### What this task involves
Copy the lines verbatim, beginning with the line that contains "msp = doc.modelspace()" and continuing through the end of the data, and only those lines.

### Stored data entries
▬▬▬▬▬▬
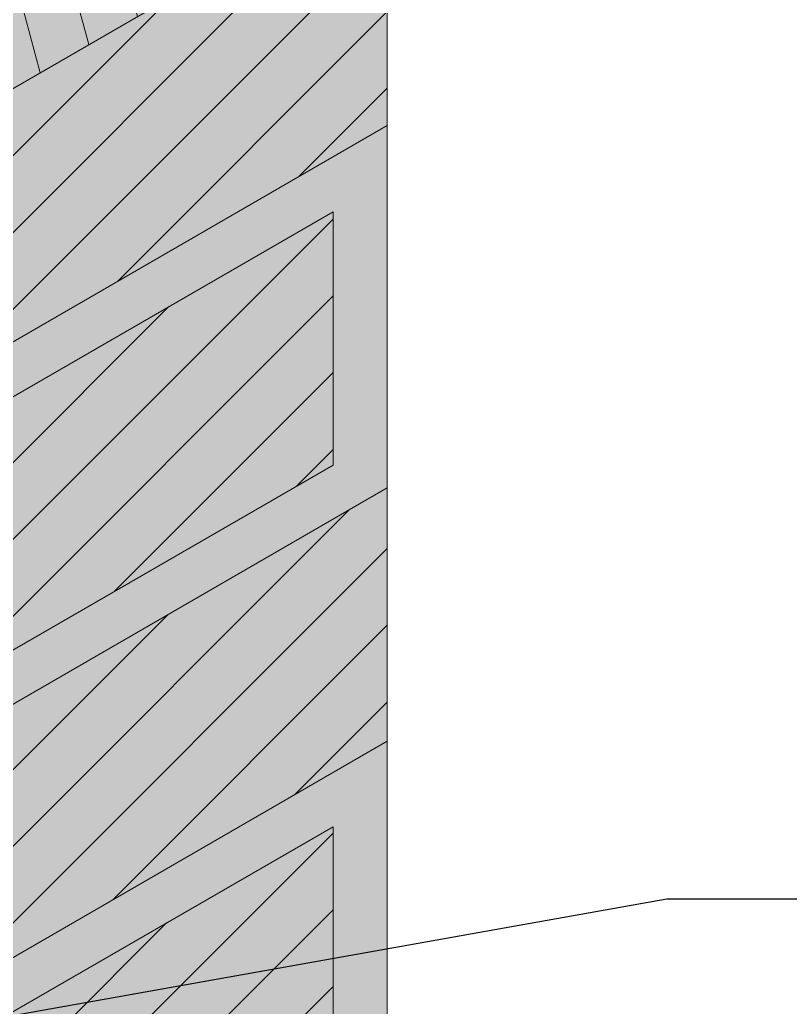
# Model space of a CAD drawing. Extents: x 61.9 to 112.9, y 313.3 to 379.3.
# Drawn here: x 92.809 to 95.693, y 362.44 to 366.135 of the extents above; entities that cross this region are included whole.
import ezdxf

# ---------------------------------------------------------------- set-up
doc = ezdxf.new("R2010")
doc.units = 0
doc.header["$LTSCALE"] = 1.5
doc.header["$MEASUREMENT"] = 0
doc.layers.add('brick', color=250, linetype='CONTINUOUS', lineweight=5)
doc.layers.add('grout', color=7, linetype='CONTINUOUS', true_color=0xdedede)
doc.layers.add('TEXT', color=7, linetype='CONTINUOUS')
doc.styles.add('DETAILS', font='sanss___.ttf', dxfattribs={"height": 1})
doc.dimstyles.new('TYVEKDETAILS', dxfattribs={"dimscale": 6, "dimtxt": 1.5, "dimasz": 0.1, "dimexe": 0.75, "dimexo": 0.75, "dimgap": 0.75, "dimtad": 0, "dimtih": 1, "dimtoh": 1, "dimdec": 4, "dimzin": 0, "dimdsep": 46, "dimlunit": 4, "dimtxsty": 'DETAILS', "dimcen": 0.0625, "dimadec": 0, "dimazin": 0, "dimtfac": 1, "dimtdec": 4, "dimtofl": 0, "dimtmove": 0, "dimatfit": 3, "dimfxl": 1, "dimfrac": 2, "dimtolj": 1, "dimtzin": 0, "dimarcsym": 0})
pattern_1 = [(45, (-10.05216, 16.68313), (-0.1435869, 0.1435869), [])]

# ---------------------------------------------------------------- blocks, each defined once
blk = doc.blocks.new('brick 1')
at = {"layer": 'brick'}
blk.add_hatch(color=15, dxfattribs=at).paths.add_polyline_path([(-9.5294, -3.842), (-9.5268, -1.5744), (-7.9023, -0.6395), (-7.9023, 0.5112), (-6.2778, 1.448), (-6.2804, 2.6043), (-4.6559, 3.5392), (-4.6559, 4.6929), (-3.0288, 5.6323), (-3.0314, 6.7845), (-1.4069, 7.7224), (0, 6.9101), (0, 0), (-8.092, -4.6719)])
h = blk.add_hatch(dxfattribs=at)
h.set_pattern_fill('ANSI31', color=256, scale=1.6245, angle=60, style=0)
h.set_pattern_definition([(105, (-10.08827, 16.66229), (-0.1961433, -0.0525564), [])])
h.paths.add_polyline_path([(-0.0361, 6.8893), (-1.443, 7.7015), (-3.0256, 6.7878), (-1.6187, 5.9755)])
h = blk.add_hatch(dxfattribs=at)
h.set_pattern_fill('ANSI31', color=256, scale=1.6245, style=0)
h.set_pattern_definition(pattern_1)
h.paths.add_polyline_path([(0, 5.9625), (0, 6.9101), (-1.6245, 5.9722), (-1.6245, 5.0246)])
h = blk.add_hatch(dxfattribs=at)
h.set_pattern_fill('ANSI31', color=256, scale=1.6245, style=0)
h.set_pattern_definition(pattern_1)
h.paths.add_polyline_path([(-0.2031, 4.6916), (-0.2031, 5.6392), (-3.249, 3.8806), (-3.249, 2.933)])
h = blk.add_hatch(dxfattribs=at)
h.set_pattern_fill('ANSI31', color=256, scale=1.6245, style=0)
h.set_pattern_definition(pattern_1)
h.paths.add_polyline_path([(0, 3.6581), (0, 4.6058), (-1.6245, 3.6678), (-1.6245, 2.7202)])
h = blk.add_hatch(dxfattribs=at)
h.set_pattern_fill('ANSI31', color=256, scale=1.6245, style=0)
h.set_pattern_definition(pattern_1)
h.paths.add_polyline_path([(-0.2031, 2.3902), (-0.2031, 3.3378), (-3.249, 1.5793), (-3.249, 0.6316)])
at = {"layer": 'grout'}
h = blk.add_hatch(color=256, dxfattribs=at)
h.paths.add_polyline_path([(-3.0314, 5.8369), (-3.0314, 5.6338), (-1.6219, 4.82), (-1.6245, 5.0246)], flags=17)
edge = h.paths.add_edge_path()
edge.add_line((-0.2031, 5.6392), (-0.2031, 4.6916))
edge.add_line((-0.2031, 4.6916), (-3.249, 2.933))
edge.add_arc((-3.1747, 2.8315), 0.1258, 126.1909, 226.8307)
edge.add_line((-3.2608, 2.7397), (-3.2464, 2.7314))
edge.add_line((-3.2464, 2.7314), (-1.8276, 3.5506))
edge.add_line((-1.8276, 3.5506), (-1.8276, 3.5476))
edge.add_line((-1.8276, 3.5476), (-1.825, 3.5491))
edge.add_line((-1.825, 3.5491), (-1.825, 2.6015))
edge.add_line((-1.825, 2.6015), (-1.8261, 2.6008))
edge.add_line((-1.8261, 2.6008), (-1.726, 2.4585))
edge.add_line((-1.726, 2.4585), (-1.6245, 2.7202))
edge.add_line((-1.6245, 2.7202), (-1.6245, 3.6678))
edge.add_line((-1.6245, 3.6678), (0, 4.6058))
edge.add_line((0, 4.6058), (0, 5.7912))
edge.add_arc((13.0987, 5.8769), 13.0989, 179.62541, 180.37459, ccw=False)
edge.add_line((0, 5.9625), (-1.6245, 5.0246))
edge.add_line((-1.6245, 5.0246), (-1.6219, 4.82))
edge.add_line((-1.6219, 4.82), (-3.249, 3.8806))
edge.add_line((-3.249, 3.8806), (-0.2031, 5.6392))
blk.add_hatch(color=256, dxfattribs=at).paths.add_polyline_path([(0, 3.6581), (-1.6245, 2.7202), (-1.726, 2.4585), (-0.2031, 3.3378), (-0.2031, 2.3902), (-1.6336, 1.5643), (-1.6245, 1.3635), (0, 2.3014)])
at = {"layer": 'brick'}
blk.add_lwpolyline([(-9.5294, -3.842), (-9.5268, -1.5744), (-7.9023, -0.6395), (-7.9023, 0.5112), (-6.2778, 1.448), (-6.2804, 2.6043), (-4.6559, 3.5392), (-4.6559, 4.6929), (-3.0288, 5.6323), (-3.0314, 6.7845), (-1.4069, 7.7224), (0, 6.9101), (0, 0), (-8.092, -4.6719)], close=True, dxfattribs=at)
for points in [[(-1.4069, 7.7224), (0, 6.9101), (-1.6245, 5.9722), (-3.0314, 6.7845), (-1.4069, 7.7224)], [(-1.6245, 5.9722), (0, 6.9101)], [(0, 6.9101), (-1.6245, 5.9722)], [(0, 6.9101), (0, 0)], [(-1.6245, 5.9722), (-1.6245, 5.0246), (0, 5.9625)], [(-1.6245, 5.0246), (0, 5.9625)], [(0, 4.8088), (0, 4.8088), (0, 5.7564)], [(-3.249, 3.8806), (-0.2031, 5.6392)], [(-0.2031, 5.6392), (-0.2031, 4.6916), (-3.249, 2.933), (-3.249, 3.8806), (-0.2031, 5.6392)], [(-0.2031, 5.6392), (-0.2031, 4.6916)], [(-3.249, 2.933), (-0.2031, 4.6916)], [(-1.6245, 3.6678), (0, 4.6058)], [(0, 3.6581), (-1.6245, 2.7202), (-1.6245, 3.6678), (0, 4.6058)], [(-1.6245, 2.7202), (0, 3.6581)], [(-0.2031, 3.3378), (-0.2031, 2.3902), (-3.249, 0.6316), (-3.249, 1.5793), (-0.2031, 3.3378)], [(-3.249, 1.5793), (-0.2031, 3.3378)], [(-0.2031, 3.3378), (-0.2031, 2.3902)]]:
    blk.add_lwpolyline(points, dxfattribs=at)
blk.add_lwpolyline([(0, 5.9625, 0.006574), (0, 5.7912, 0.617093)], format="xyb", dxfattribs=at)

msp = doc.modelspace()

# ---------------------------------------------------------------- block references
at = {"layer": 'brick'}
msp.add_blockref('brick 1', (94.1847, 359.7773), dxfattribs=at)

# ---------------------------------------------------------------- leaders
at = {"layer": 'TEXT'}
msp.add_leader([(81.9912, 360.4832), (95.231, 362.8455), (96.0652, 362.8455)], dimstyle='TYVEKDETAILS', override={"dimfxl": 3}, dxfattribs=at)

doc.saveas('drawing.dxf')
▬▬▬▬▬▬
### Task output
msp = doc.modelspace()

# ---------------------------------------------------------------- block references
at = {"layer": 'brick'}
msp.add_blockref('brick 1', (94.1847, 359.7773), dxfattribs=at)

# ---------------------------------------------------------------- leaders
at = {"layer": 'TEXT'}
msp.add_leader([(81.9912, 360.4832), (95.231, 362.8455), (96.0652, 362.8455)], dimstyle='TYVEKDETAILS', override={"dimfxl": 3}, dxfattribs=at)

doc.saveas('drawing.dxf')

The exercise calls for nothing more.